それでは、常に、現状(=常識)に対して、健全な疑問を持てるような状態にしておくには、どうすればよいだろうか。
これは、大変難しい課題であるが、必要な条件の一つとして、全員が目標を正しく理解し、厳しく共有するということが挙げられると思う。つまり、ある状況に対して、様々な視点から意見を戦わせるが、最終的な拠り所(目標)の達成に対してポジティブになる方向で全員が思考し、判断するという状態である。
そして、このような行動が、自然に、当たり前のこととして行われるようになる必要がある(一般的には稀な状態)。
このような状態になるには、個々人の行動特性に加えて、チームとしての行動特性(チーム・コンピテンシー)を研ぎ澄ましていく努力が必要になる。また、チームとしての経験値の蓄積が、大きな力になるであろう。
さらに、このようなタフな課題にチャレンジするインセンティブ、そしてモチベーションの維持、向上が必須である。いろいろなやり方があると思うが、この「プロセス責任」の重要性に見合うステータスを担当者に与えることが基本である。
年金運営を念頭において、「プロセス責任」の果たし方について述べてきたが、これは年金運営の世界だけの話ではない。

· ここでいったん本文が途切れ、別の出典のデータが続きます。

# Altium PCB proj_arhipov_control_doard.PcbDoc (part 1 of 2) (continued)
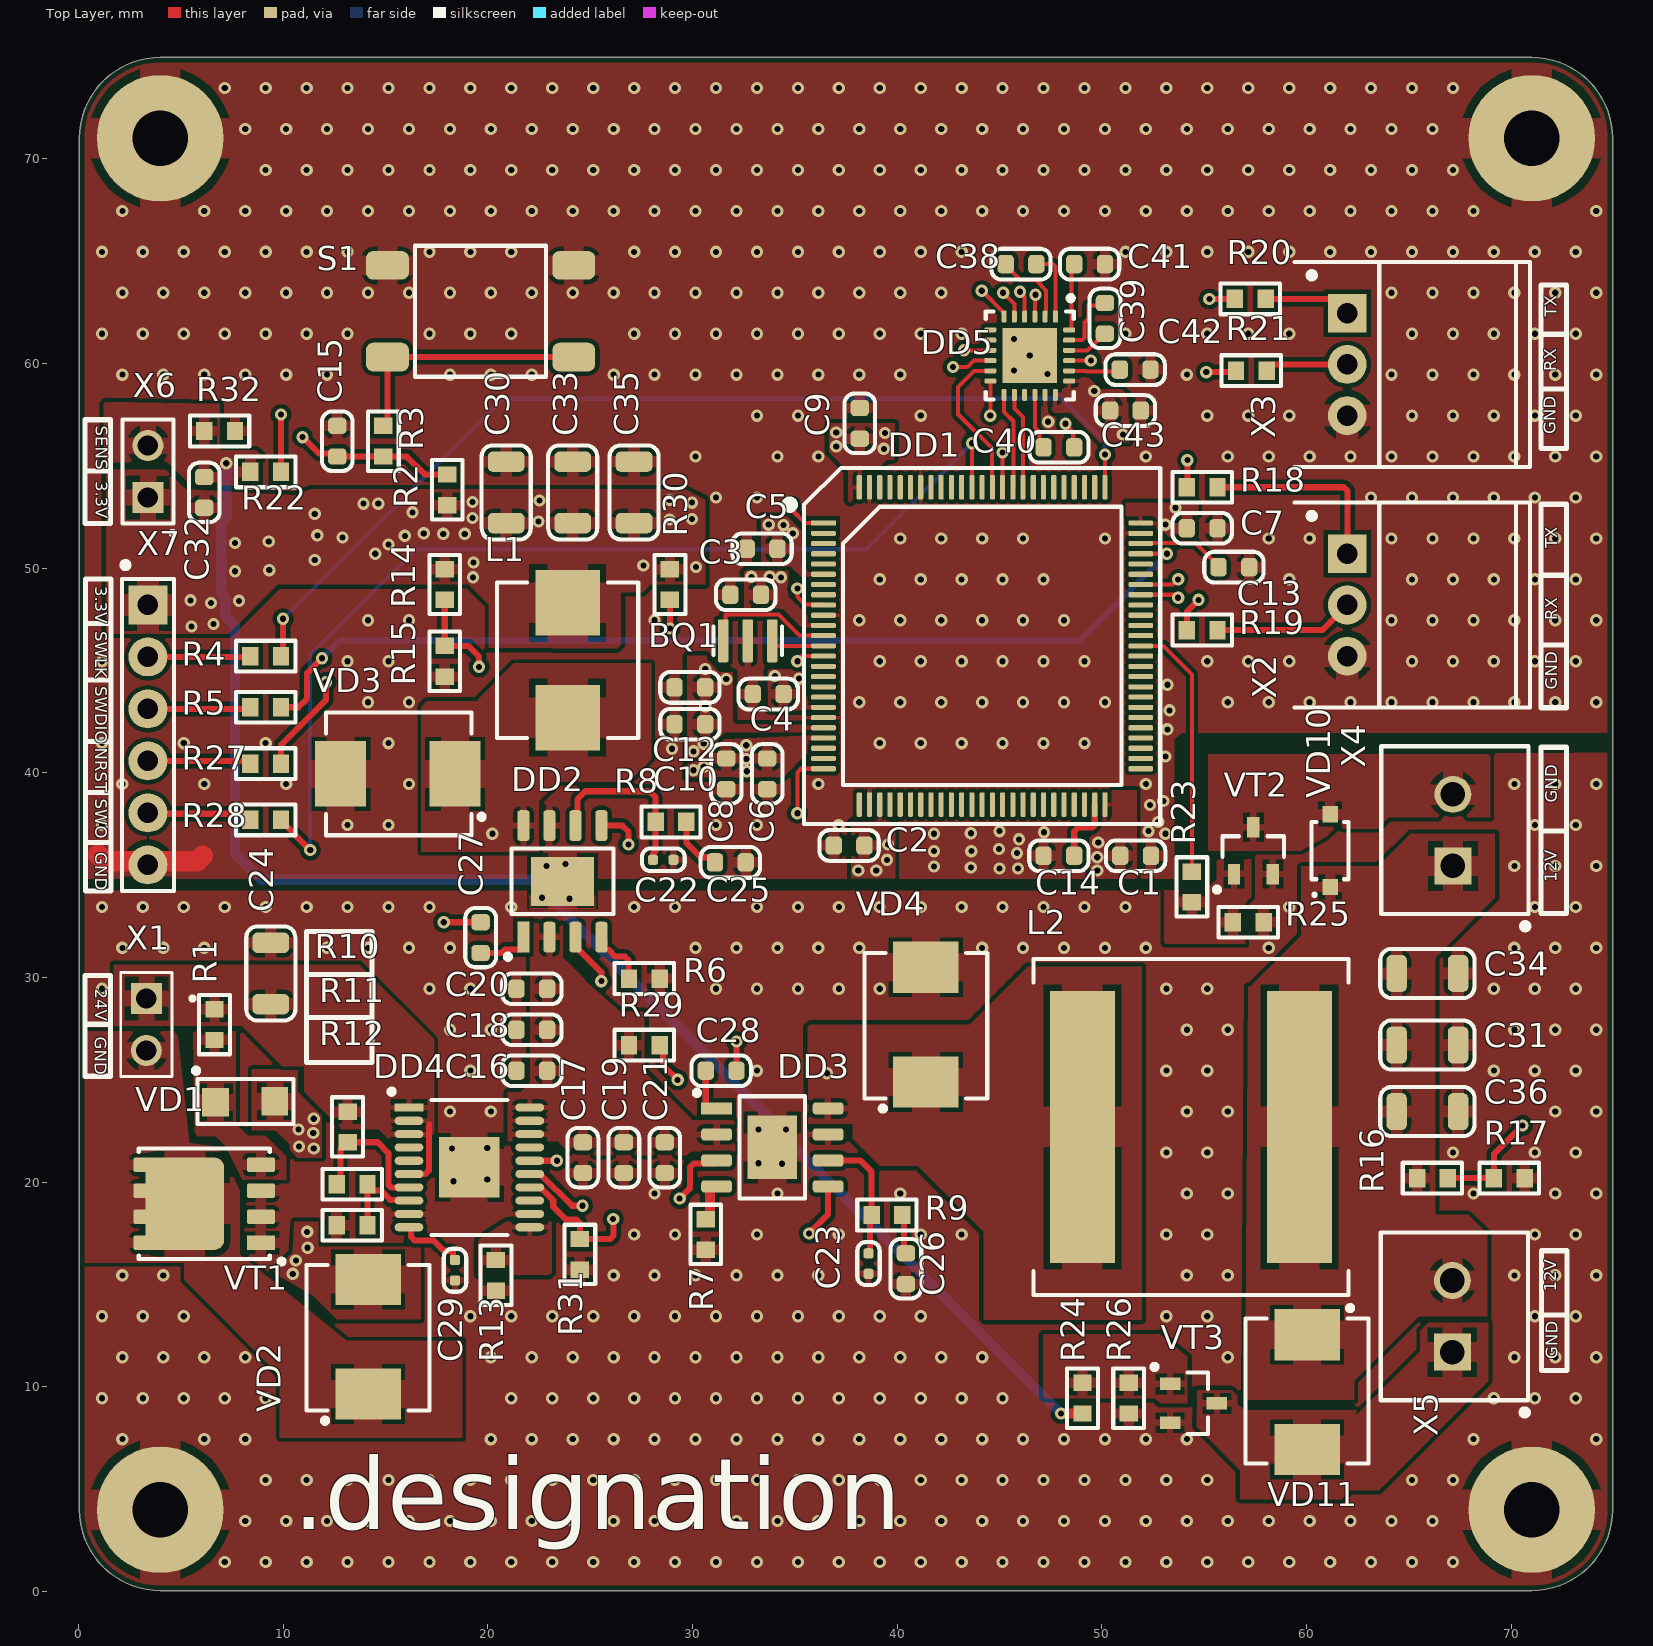
[diagram p0: Top Layer view]
## Footprints (in the part's own frame and the unit in brackets; to place one, negate y for a bottom-side part, rotate by r counter-clockwise, add the part's x,y. Pads: shape width x height; smd on the part's side, far side on the other; paste and mask are expansions set on the pad) (continued)
  silkscreen extent -3.81,-2.5 1.6,2.79, body extent -3.06,-2.47 3.06,2.48, height 1.7
HTSSOP-20 [mm] "TSOP, 20-Leads, Body 6,50x4,40mm, Pitch 0,65mm, Thermal Pad 2,96x2,96mm, IPC Medium Density"
  rect 2.96x2.96 smd: 0(0,0)
  rect 1.4x0.4 smd: 1(-2.95,2.925)
  oval 1.4x0.4 smd: 2(-2.95,2.275) 3(-2.95,1.625) 4(-2.95,0.975) 5(-2.95,0.325) 6(-2.95,-0.325) 7(-2.95,-0.975) 8(-2.95,-1.625) 9(-2.95,-2.275) 10(-2.95,-2.925) 11(2.95,-2.925) 12(2.95,-2.275) 13(2.95,-1.625) 14(2.95,-0.975) 15(2.95,-0.325) 16(2.95,0.325) 17(2.95,0.975) 18(2.95,1.625) 19(2.95,2.275) 20(2.95,2.925)
  silkscreen extent -3.92,-3.3 1.85,3.82, body extent -3.2,-3.25 3.2,3.25, height 1.1
LQFP-100-P50-1400X1400X160-L60X22 [mm] "LQFP, 100-Leads, Body 14,00x14,00mm, Pitch 0,50mm, IPC Medium Density"
  rect 1.2x0.25 smd: 1(-7.75,6)
  rrect50% 1.2x0.25 smd: 2(-7.75,5.5) 3(-7.75,5) 4(-7.75,4.5) 5(-7.75,4) 6(-7.75,3.5) 7(-7.75,3) 8(-7.75,2.5) 9(-7.75,2) 10(-7.75,1.5) 11(-7.75,1) 12(-7.75,0.5) 13(-7.75,0) 14(-7.75,-0.5) 15(-7.75,-1) 16(-7.75,-1.5) 17(-7.75,-2) 18(-7.75,-2.5) 19(-7.75,-3) 20(-7.75,-3.5) 21(-7.75,-4) 22(-7.75,-4.5) 23(-7.75,-5) 24(-7.75,-5.5) 25(-7.75,-6) 51(7.75,-6) 52(7.75,-5.5) 53(7.75,-5) 54(7.75,-4.5) 55(7.75,-4) 56(7.75,-3.5) 57(7.75,-3) 58(7.75,-2.5) 59(7.75,-2) 60(7.75,-1.5) 61(7.75,-1) 62(7.75,-0.5) 63(7.75,0) 64(7.75,0.5) 65(7.75,1) 66(7.75,1.5) 67(7.75,2) 68(7.75,2.5) 69(7.75,3) 70(7.75,3.5) 71(7.75,4) 72(7.75,4.5) 73(7.75,5) 74(7.75,5.5) 75(7.75,6)
  rrect50% 0.25x1.2 smd: 26(-6,-7.75) 27(-5.5,-7.75) 28(-5,-7.75) 29(-4.5,-7.75) 30(-4,-7.75) 31(-3.5,-7.75) 32(-3,-7.75) 33(-2.5,-7.75) 34(-2,-7.75) 35(-1.5,-7.75) 36(-1,-7.75) 37(-0.5,-7.75) 38(0,-7.75) 39(0.5,-7.75) 40(1,-7.75) 41(1.5,-7.75) 42(2,-7.75) 43(2.5,-7.75) 44(3,-7.75) 45(3.5,-7.75) 46(4,-7.75) 47(4.5,-7.75) 48(5,-7.75) 49(5.5,-7.75) 50(6,-7.75) 76(6,7.75) 77(5.5,7.75) 78(5,7.75) 79(4.5,7.75) 80(4,7.75) 81(3.5,7.75) 82(3,7.75) 83(2.5,7.75) 84(2,7.75) 85(1.5,7.75) 86(1,7.75) 87(0.5,7.75) 88(0,7.75) 89(-0.5,7.75) 90(-1,7.75) 91(-1.5,7.75) 92(-2,7.75) 93(-2.5,7.75) 94(-3,7.75) 95(-3.5,7.75) 96(-4,7.75) 97(-4.5,7.75) 98(-5,7.75) 99(-5.5,7.75) 100(-6,7.75)
  silkscreen extent -9.6,-8.7 8.7,8.7, body extent -8,-8 8,8, height 1.6
QFN-24-400X400X80 [mm] "QFN, 24-Leads, Body 4,00x4,00mm, Pitch 0,50mm, Thermal Pad 2,68x2,68mm, IPC Medium Density"
  rect 2.68x2.68 smd: 0(0,0)
  rect 0.58x0.24 smd: 1(-1.9,1.25)
  rrect50% 0.58x0.24 smd: 2(-1.9,0.75) 3(-1.9,0.25) 4(-1.9,-0.25) 5(-1.9,-0.75) 6(-1.9,-1.25) 13(1.925,-1.25) 14(1.925,-0.75) 15(1.925,-0.25) 16(1.925,0.25) 17(1.925,0.75) 18(1.925,1.25)
  rrect50% 0.24x0.58 smd: 7(-1.25,-1.925) 8(-0.75,-1.925) 9(-0.25,-1.925) 10(0.25,-1.925) 11(0.75,-1.925) 12(1.25,-1.925) 19(1.25,1.925) 20(0.75,1.925) 21(0.25,1.925) 22(-0.25,1.925) 23(-0.75,1.925) 24(-1.25,1.925)
  silkscreen extent -2.92,-2.15 2.15,2.15, body extent -2,-2 2.01,2.01, height 0.9
R0603 [mm] "Chip Resistor, 2-Leads, Body 1,60x0,80mm, IPC Medium Density"
  rect 0.8x0.9 smd: 1(-0.75,0) 2(0.75,0)
  silkscreen extent -1.45,-0.75 1.45,0.75, body extent -0.77,-0.43 0.78,0.43, height 0.43
SOD-123 [mm] "SODFL, 2-Leads, Body 1,60x3,71mm, IPC Medium Density"
  rect 0.8x0.75 smd: 1(-1.775,0) 2(1.775,0)
  silkscreen extent -2.21,-0.9 1.4,0.9, body extent -1.82,-0.77 1.83,0.78, height 1.5
SON-8-500X600X100 [mm]
  rect 0.71x1.372 smd paste-0.002: 1(-1.905,-2.77)
  rrect25% 0.71x1.372 smd paste-0.002: 2(-0.635,-2.77) 3(0.635,-2.77) 4(1.905,-2.77)
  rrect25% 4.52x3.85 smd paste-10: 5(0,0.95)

すべてのビジネスのマネージが、最終的な「結果責任=企業価値の向上」を果たすために、ベストな「プロセス」を目指している。それは、「リスク」という不確実な将来に対する挑戦であり、合理的な意思決定の追求である。
そして、ここまで述べてきたように、年金運営は、このような「リスク」に対するマネジメントとガバナンスにおけるバトル・フィールドの「最前線」にいる。
したがって、「何をすべきか」ということは年金運営もビジネスも基本は同じである。さらに、ビジネス面において、年金運営から学ぶべき点や、共有できる部分も多い。
私たちは、新しいコンサルティング・フィールドとして、年金運営を起点にしてビジネス全般に展開できる、これからの「リスクのマネジメントとガバナンスのあり方」の追求を始めている。これが、近い将来、皆様のビジネスに貢献できれば、と考えている。